In the European tradition, cordials were consumed either at the start or the end of a meal, and the time at which they were consumed dictated a lot of their style.  Drinks served before a meal are apéritifs or aperitivi, and those served afterward are digestifs or digestivi.  

An apéritif is meant to stimulate the appetite, and therefore it's usually dry and low in alcohol. Dry vermouth, aromatized wines, and dry sherry are common aperitifs in Europe. A cocktail can count as an apéritif, too, if it fits the parameters of the category.

Examples on our list include:
Aperol Spritz (cocktail)
Lillet Blanc (aromatized wine)
PImm’s #1 (cordial)
Fino sherry
St. George’s Absynthe

Other famous aperitifs:
Dolin Dry and Dolin Blanc (dry and white vermouths from France)
Corpse Reviver #2 (cocktail)
Prosecco

On the other side of the coin, a digestif is meant to stimulate digestion. They are usually heavier, bitter, and have perceived medicinal qualities.

Digestifs on our list:
Chartreuse, green and yellow
Benedictine
Sambuca
Becherovka

Other common digestifs:
B&B (Brandy and Benedictine)
Limoncello
Toronto (cocktail)
Whiskey


From here there tends to be a lot of overlap.  Dry vermouth can be an aperitif, while sweet vermouth can be either an aperitif or a digestif depending on the season.  So what is vermouth?  It is a fortified, aromatized wine.  Or, in layman's’ terms, wine that is spiked with neutral flavored spirit (usually grape-based brandy) and has sugar and herbs added to it for flavoring.  Most vermouths clock in at around 18%, putting them firmly in reach of our cordial license.  They are delicious on their own, served chilled, or on the rocks with a twist.  They also make fantastic components in cocktails because of the body and aromatics they add to a cocktail.  Vermouth, unlike other cordials, is still wine-based, which means that it will oxidize, albeit substantially slower than a bottle of wine.  Keep vermouth in the fridge, and it should maintain its designed flavor for 4-6 weeks.  We carry Cinzano Rosso, Carpano Antica, and Punt e Mes.
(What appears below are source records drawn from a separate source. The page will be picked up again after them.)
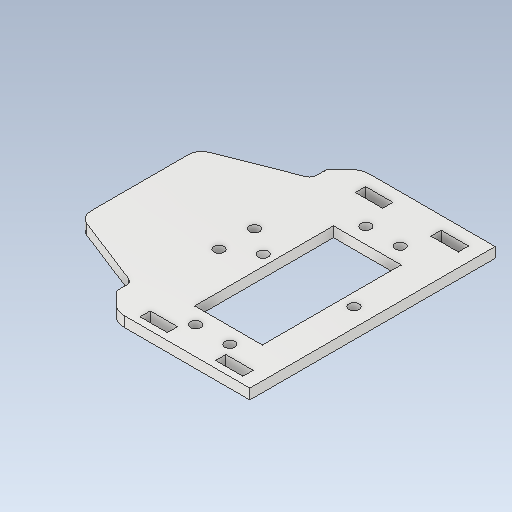
# Autodesk Inventor part: Dock bot2
Saved by Autodesk Inventor 2020.3 (Build 243373000, 373)
## iProperties
Created: 2017-03-28
Part Number: Dock bot2
Material: Acrylic
Document SubType Name: Modeling
Designer: Nanjar
Density: 1.188 g/cm^3
Appearance: Transparent - Clear
Author: Nanjar
Autodesk Inventor part; units mm, degrees
ref_plane "YZ Plane" through (0, 0, 0) normal (1, 0, 0) x (0, 1, 0)
ref_plane "XZ Plane" through (0, 0, 0) normal (0, 1, 0) x (-1, 0, 0)
ref_plane "XY Plane" through (0, 0, 0) normal (0, 0, 1) x (1, 0, 0)
sketch "Sketch1" plane through (0, 0, 0) normal (0, 1, 0) x (-1, 0, 0)
  circle A0 centre (7.7, 5.2) radius 1.5
  circle A1 centre (7.7, -5.2) radius 1.5
  circle A2 centre (0, 0) radius 1.5
  line L0 (37.8003, -0.0084) -> (-30.1744, -0.0084) construction
  line L1 (-27.0022, -36.8848) -> (-27.0022, -0.0084)
  line L2 (12.164, -30.8563) -> (6.1355, -36.8848)
  line L3 (-27.0022, -36.8848) -> (6.1355, -36.8848)
  line L4 (36.1543, -0.0084) -> (36.1543, -17.0084)
  line L5 (36.1543, -17.0084) -> (12.164, -30.8563)
  line L6 (-27.0022, 36.8681) -> (-27.0022, -0.0084)
  line L7 (12.164, 30.8396) -> (6.1355, 36.8681)
  line L8 (-27.0022, 36.8681) -> (6.1355, 36.8681)
  line L9 (36.1543, -0.0084) -> (36.1543, 16.9916)
  line L10 (36.1543, 16.9916) -> (12.164, 30.8396)
  constraints: 22 end point, 4 symmetric about line, 3 centre point, 2 horizontal, 2 point on line, 1 perpendicular, 1 vertical
extrude "Extrusion1" add sketch "Sketch1" along normal blind 3
sketch "Sketch2" plane through (0, 3, 0) normal (0, 1, 0) x (1, 0, 0)
  circle A0 centre (13, 13.115) radius 3.5
  point P0 (0, 0)
  dimension "d2" = 7
  dimension "d3" = 13.115
  dimension "d4" = 13
  constraints: 1 centre point
  measures "d2" diameter of A0
  measures "d3" vertical distance of A0.centre point (0, 0)
  measures "d4" horizontal distance of A0.centre point (0, 0)
extrude "Extrusion2" cut sketch "Sketch2" against normal through all
move faces "Move1" translate (0.9995, 0, 0) faces at (27.0022, 1, -12.3005)
sketch "Sketch5" plane through (0, 0, 0) normal (0, -1, 0) x (1, 0, 0)
  circle A0 centre (18.0046, -22.074) radius 1.5
  circle A1 centre (8.0046, -22.0753) radius 1.5
  circle A2 centre (17.9981, 27.7053) radius 1.5
  circle A3 centre (7.9981, 27.704) radius 1.5
  line L0 (22.8987, 23.1163) -> (22.904, -17.4837)
  line L1 (22.904, -17.4837) -> (3.104, -17.4863)
  line L2 (3.0987, 23.1137) -> (22.8987, 23.1163)
  line L3 (3.104, -17.4863) -> (3.0987, 23.1137)
  point P0 (0, 0)
  constraints: 8 end point, 4 centre point
extrude "Extrusion4" cut sketch "Sketch5" against normal through all
sketch "Sketch6" plane through (0, 3, 0) normal (0, 1, 0) x (1, 0, 0)
  circle A0 centre (0, 0) radius 1.5
  circle A1 centre (26.6, 0) radius 1.5
  dimension "d22" = 3
  dimension "d23" = 26.6
  constraints: 2 centre point
  measures "d22" diameter of A1
  measures "d23" distance of A1.centre A0.centre
move faces "Move2" translate (3.9857, 0, 0) faces at (28.0017, 1, -12.3005)
extrude "Extrusion5" cut sketch "Sketch6" against normal through all
sketch "Sketch7" plane through (0, 3, 0) normal (0, 1, 0) x (1, 0, 0)
  line L0 (27.9874, -33.8681) -> (19.9874, -33.8681)
  line L1 (19.9874, -30.8681) -> (19.9874, -33.8681)
  line L2 (27.9874, -30.8681) -> (27.9874, -33.8681)
  line L3 (19.9874, -30.8681) -> (27.9874, -30.8681)
  line L4 (5.8645, -33.8681) -> (-2.1355, -33.8681)
  line L5 (-2.1355, -30.8681) -> (-2.1355, -33.8681)
  line L6 (-2.1355, -30.8681) -> (5.8645, -30.8681)
  line L7 (5.8645, -30.8681) -> (5.8645, -33.8681)
  line L8 (-2.1355, 32.1319) -> (5.8645, 32.1319)
  line L9 (5.8645, 29.1319) -> (-2.1355, 29.1319)
  line L10 (5.8645, 32.1319) -> (5.8645, 29.1319)
  line L11 (-2.1355, 32.1319) -> (-2.1355, 29.1319)
  line L12 (19.9874, 32.1319) -> (19.9874, 29.1319)
  line L13 (27.9874, 32.1319) -> (27.9874, 29.1319)
  line L14 (27.9874, 29.1319) -> (19.9874, 29.1319)
  line L15 (19.9874, 32.1319) -> (27.9874, 32.1319)
  point P0 (0, 0)
  point P1 (31.9874, -36.8681)
  constraints: 32 end point
extrude "Extrusion6" cut sketch "Sketch7" against normal through all
sketch "Sketch8" plane through (0, 3, 0) normal (0, 1, 0) x (1, 0, 0)
  line L0 (5.8645, -33.8681) -> (-2.1355, -33.8681) projected
  line L1 (-2.1355, -35.8681) -> (-2.1355, -36.8681) construction
  line L2 (-2.1355, 32.1319) -> (5.8645, 32.1319) construction
  line L3 (31.9874, 35.8848) -> (-7.1355, 35.8848)
  line L4 (31.9874, -35.8681) -> (-7.1355, -35.8681)
  line L5 (31.9874, -36.8681) -> (31.9874, -35.8681)
  line L6 (31.9874, 35.8848) -> (31.9874, 36.8848)
  line L7 (-6.1355, 36.8848) -> (-7.1355, 35.8848)
  line L8 (-6.1355, -36.8681) -> (-7.1355, -35.8681)
  line L9 (-6.1355, -36.8681) -> (31.9874, -36.8681)
  line L10 (-6.1355, 36.8848) -> (31.9874, 36.8848)
  point P0 (0, 0)
  dimension "d32" = 2
  constraints: 18 end point, 2 horizontal, 2 vertical
  measures "d32" distance of L0.end L1.start
extrude "Extrusion7" cut sketch "Sketch8" against normal through all
sketch "Sketch9" plane through (0, 3, 0) normal (0, 1, 0) x (1, 0, 0)
  line L0 (-12.164, 30.8563) -> (-12.164, 14.1606) construction
  line L1 (-12.164, 26.3921) -> (-12.164, 30.8563)
  line L2 (-36.1543, 17.0084) -> (-12.164, 30.8563) projected
  line L3 (-36.1543, 17.0084) -> (-12.164, 30.8563)
  line L4 (-36.1543, 17.0084) -> (-12.164, 26.3921)
  line L5 (-41.6853, 0) -> (0, 0) construction
  line L6 (-12.164, -30.8396) -> (-12.164, -14.1438) construction
  line L7 (-12.164, -26.3753) -> (-12.164, -30.8396)
  line L8 (-36.1543, -16.9916) -> (-12.164, -30.8396)
  line L9 (-36.1543, -16.9916) -> (-12.164, -26.3753)
  constraints: 18 end point, 2 collinear, 2 point on line, 1 horizontal, 1 vertical
extrude "Extrusion8" cut sketch "Sketch9" against normal up to next
fillet "Fillet1" radius 6 2 edges at (-7.1355, 1.5, -35.8848) (-7.1355, 1.5, 35.8681)
fillet "Fillet2" radius 2 4 edges at (-12.164, 1.5, -26.3921) (-12.164, 1.5, 26.3753) (-12.164, 1.5, 30.8396) (-12.164, 1.5, -30.8563)
fillet "Fillet3" radius 4 2 edges at (-36.1543, 1.5, 16.9916) (-36.1543, 1.5, -17.0084)
body "Solid1"
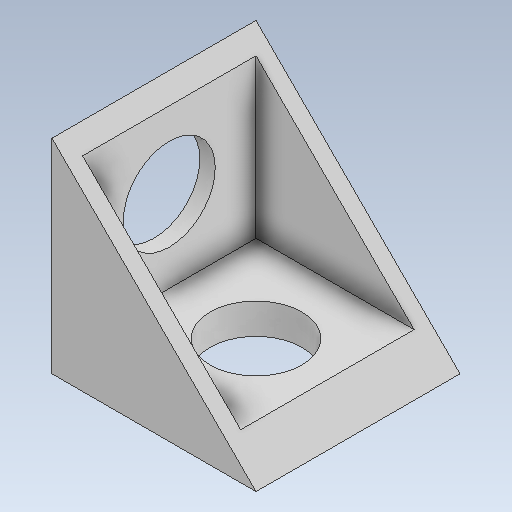
# Autodesk Inventor part: corner bracket
Saved by Autodesk Inventor 2023 (Build 270158000, 158)
## iProperties
Created: 2023-01-21
Part Number: corner bracket
Material: Generic
Document SubType Name: Modeling
Designer: eplym
Density: 1 g/cm^3
Appearance: Default
Author: eplym
Autodesk Inventor part; units mm, degrees
ref_plane "YZ Plane" through (0, 0, 0) normal (1, 0, 0) x (0, 1, 0)
ref_plane "XZ Plane" through (0, 0, 0) normal (0, 1, 0) x (-1, 0, 0)
ref_plane "XY Plane" through (0, 0, 0) normal (0, 0, 1) x (1, 0, 0)
sketch "Sketch1" plane through (0, 0, 0) normal (0, 1, 0) x (-1, 0, 0)
  line L0 (-10, 10) -> (10, 10)
  line L1 (10, 10) -> (10, -10)
  line L2 (10, -10) -> (-10, -10)
  line L3 (-10, -10) -> (-10, 10)
  line L4 (-10, 10) -> (10, -10) construction
  line L5 (10, 10) -> (-10, -10) construction
  point P0 (0, 0)
  dimension "d0" = 20
  dimension "d1" = 20
  constraints: 12 end point, 2 midpoint, 2 parallel, 1 horizontal, 1 perpendicular
  measures "d0" distance of L0.end L1.end
  measures "d1" distance of L1.end L2.end
extrude "Extrusion1" add sketch "Sketch1" along normal blind 20
sketch "Sketch2" plane through (0, 20, 0) normal (0, 1, 0) x (1, 0, 0)
  line L0 (8.5, -8.5) -> (-8.5, -8.5)
  line L1 (-8.5, -8.5) -> (-8.5, 8.5)
  line L2 (-8.5, 8.5) -> (8.5, 8.5)
  line L3 (8.5, 8.5) -> (8.5, -8.5)
  line L4 (8.5, -8.5) -> (-8.5, 8.5) construction
  line L5 (-8.5, -8.5) -> (8.5, 8.5) construction
  point P0 (0, 0)
  dimension "d4" = 17
  dimension "d5" = 17
  constraints: 12 end point, 2 midpoint, 2 parallel, 1 horizontal, 1 perpendicular
  measures "d4" distance of L0.end L1.end
  measures "d5" distance of L1.end L2.end
extrude "Extrusion2" cut sketch "Sketch2" against normal blind 17
sketch "Sketch6" plane through (-10, 0, 10) normal (0, 0, 1) x (1, 0, 0)
  line L0 (20, 0) -> (0, 0) projected
  line L1 (0, 20) -> (20, 0)
  line L2 (20, 0) -> (20, 20)
  line L3 (20, 20) -> (0, 20)
  line L4 (1.5, 20) -> (18.5, 20) projected
  point P0 (10, 0)
  constraints: 6 end point, 1 collinear, 1 perpendicular
extrude "Extrusion6" cut sketch "Sketch6" against normal through all
sketch "Sketch7" plane through (0, 3, 0) normal (0, 1, 0) x (1, 0, 0)
  circle A0 centre (0, 0) radius 4.5
  dimension "d20" = 9
  constraints: 1 centre point, 1 coincident
  measures "d20" diameter of A0
sketch "Sketch8" plane through (-8.5, 3, 8.5) normal (1, 0, 0) x (0, 0, -1)
  circle A0 centre (8.5, 8) radius 4.5
  line L0 (0, 0) -> (17, 0) projected
  point P0 (8.5, -3)
  dimension "d18" = 8
  dimension "d19" = 9
  constraints: 1 centre point
  measures "d18" distance from line of L0 A0.centre
  measures "d19" diameter of A0
extrude "Extrusion7" cut sketch "Sketch8" against normal blind 10
extrude "Extrusion8" cut sketch "Sketch7" against normal blind 10
body "Solid1"

The next two categories are in some ways subcategories of the digestifs and whether their constituents belong to one category or the other is hotly debated.  Amari and Bitters are predominantly drank at the end of the meal.  Amari are Italian cordials of varying degrees of bitterness developed to prevent “agada,” a broad sort of term for anything negatively affecting the digestive process.  It seems like every town in Italy has its own native secret recipe, closely guarded, that the locals swear is THE perfect health tonic.  Famous amari include Fernet Branca, Averna, Nonino, Braulio, and Montenegro.  As to whether anything that comes from outside of Italy can be an amaro...well, don’t ask the Italians but most authorities say yes.  Some people include the Chartreuses, Becherovka, and Underberg, some don’t.  

Amaro does translate to “bitter” from Italian.  So why the second category? I find “bitters” as an independent category to be useful primarily when thinking about cocktails.  Something is a bitter to me when it’s primary use is in cocktails and it’s incredibly unlikely that someone will drink it by itself.  Campari, Gran Classico, and Kummel are prime examples on our back bar: while Campari is branding itself as an amaro these days to get in on the trend, I’ve met precious few cocktail nerds who want to sip on it neat like a whiskey.  Kummel is straight out of the question in that regard as well.  Like all cocktail nerdery, this is all incredibly fluid and makes for a spirited debate (puns intended).  These are just the ways I tend to break it all down in my brain to make sense of everything as I try to navigate a guest through the spirits that we do have.